#### Records to process:
┄┄┄┄┄┄
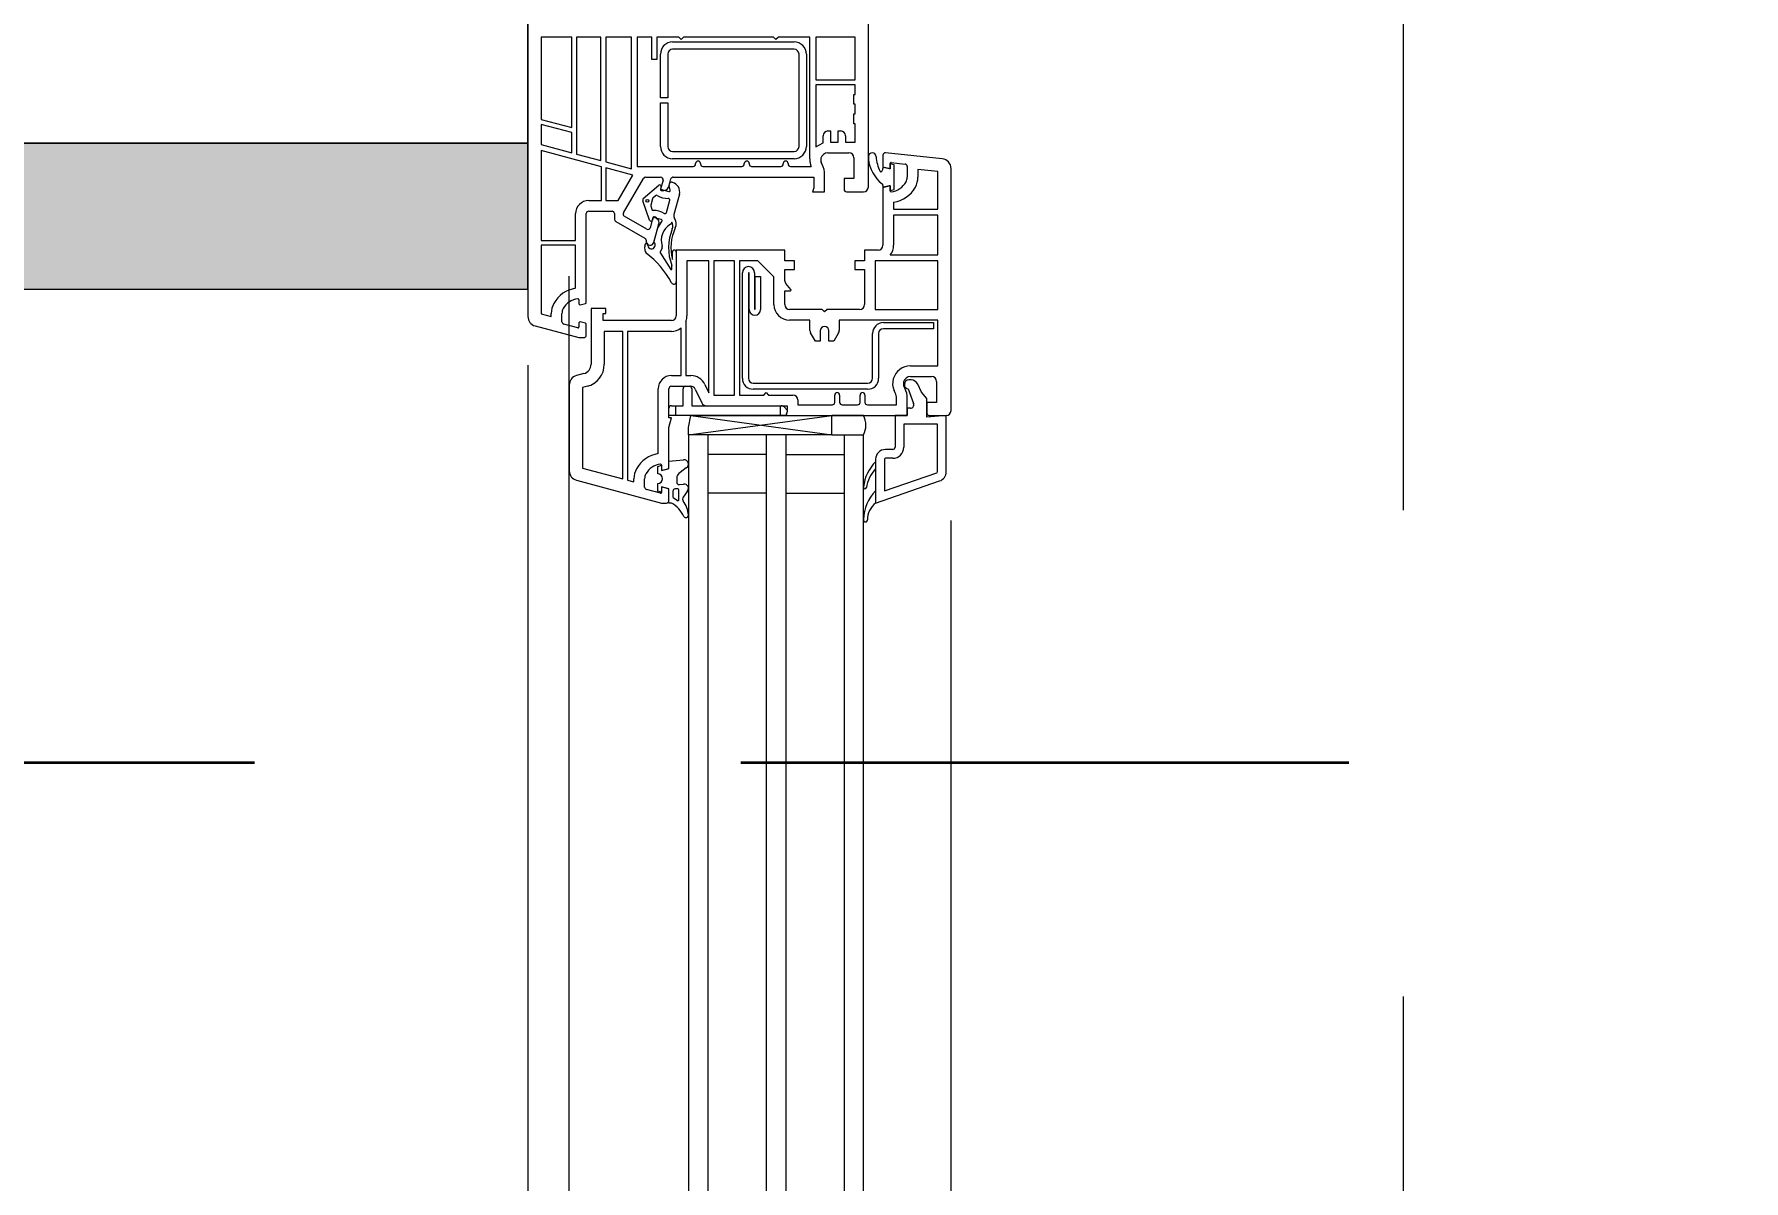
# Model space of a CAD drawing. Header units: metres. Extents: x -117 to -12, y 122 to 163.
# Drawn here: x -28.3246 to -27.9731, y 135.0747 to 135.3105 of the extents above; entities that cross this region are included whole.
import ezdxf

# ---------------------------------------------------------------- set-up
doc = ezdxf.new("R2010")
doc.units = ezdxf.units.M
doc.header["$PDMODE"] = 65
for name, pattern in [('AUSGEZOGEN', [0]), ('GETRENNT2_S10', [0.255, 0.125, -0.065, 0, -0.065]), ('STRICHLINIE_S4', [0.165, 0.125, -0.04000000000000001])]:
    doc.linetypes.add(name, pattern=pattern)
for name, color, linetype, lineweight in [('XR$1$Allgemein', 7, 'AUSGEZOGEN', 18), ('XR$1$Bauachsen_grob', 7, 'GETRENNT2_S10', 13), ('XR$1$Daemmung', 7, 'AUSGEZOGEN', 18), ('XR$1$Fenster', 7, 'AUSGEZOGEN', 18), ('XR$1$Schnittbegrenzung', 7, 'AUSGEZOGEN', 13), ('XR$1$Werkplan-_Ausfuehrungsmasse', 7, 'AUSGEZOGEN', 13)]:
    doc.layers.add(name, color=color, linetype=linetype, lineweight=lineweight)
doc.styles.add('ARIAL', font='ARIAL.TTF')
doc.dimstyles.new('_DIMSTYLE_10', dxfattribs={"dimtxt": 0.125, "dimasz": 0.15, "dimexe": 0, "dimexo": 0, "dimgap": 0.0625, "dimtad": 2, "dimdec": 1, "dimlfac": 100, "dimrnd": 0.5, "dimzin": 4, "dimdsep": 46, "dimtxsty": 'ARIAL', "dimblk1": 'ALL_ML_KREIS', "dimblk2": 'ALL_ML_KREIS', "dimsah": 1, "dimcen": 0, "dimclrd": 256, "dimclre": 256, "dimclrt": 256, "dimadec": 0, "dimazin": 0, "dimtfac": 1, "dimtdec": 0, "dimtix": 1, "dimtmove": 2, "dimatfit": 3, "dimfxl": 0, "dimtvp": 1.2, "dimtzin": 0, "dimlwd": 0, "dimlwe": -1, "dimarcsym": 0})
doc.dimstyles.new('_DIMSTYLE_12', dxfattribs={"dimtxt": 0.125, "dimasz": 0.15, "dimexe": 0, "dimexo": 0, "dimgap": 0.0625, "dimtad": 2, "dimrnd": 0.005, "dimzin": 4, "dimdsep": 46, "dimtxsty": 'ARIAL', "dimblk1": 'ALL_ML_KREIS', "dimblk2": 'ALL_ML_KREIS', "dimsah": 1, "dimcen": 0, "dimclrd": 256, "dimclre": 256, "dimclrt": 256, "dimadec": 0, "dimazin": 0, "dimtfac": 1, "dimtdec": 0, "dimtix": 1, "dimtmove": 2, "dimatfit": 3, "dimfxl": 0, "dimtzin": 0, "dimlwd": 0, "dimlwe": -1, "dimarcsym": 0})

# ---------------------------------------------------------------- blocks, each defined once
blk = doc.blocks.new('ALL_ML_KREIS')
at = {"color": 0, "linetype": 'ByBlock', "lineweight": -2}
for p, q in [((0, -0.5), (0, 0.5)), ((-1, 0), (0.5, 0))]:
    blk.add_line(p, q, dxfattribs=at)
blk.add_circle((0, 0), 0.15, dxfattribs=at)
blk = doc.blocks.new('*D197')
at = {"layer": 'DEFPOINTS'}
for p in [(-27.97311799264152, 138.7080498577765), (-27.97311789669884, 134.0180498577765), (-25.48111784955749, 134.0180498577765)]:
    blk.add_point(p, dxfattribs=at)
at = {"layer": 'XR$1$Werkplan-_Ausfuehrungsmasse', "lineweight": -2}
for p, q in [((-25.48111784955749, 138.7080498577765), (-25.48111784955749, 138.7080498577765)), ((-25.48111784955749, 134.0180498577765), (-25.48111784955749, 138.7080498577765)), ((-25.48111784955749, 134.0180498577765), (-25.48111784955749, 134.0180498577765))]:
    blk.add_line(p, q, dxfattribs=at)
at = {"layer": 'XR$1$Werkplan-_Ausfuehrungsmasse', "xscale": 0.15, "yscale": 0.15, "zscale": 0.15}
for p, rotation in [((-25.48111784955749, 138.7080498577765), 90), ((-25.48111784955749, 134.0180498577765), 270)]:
┄┄┄┄┄┄
How many lines in the records above contain the word "dimcen"? Answer with the number alone.

#### Your response:
2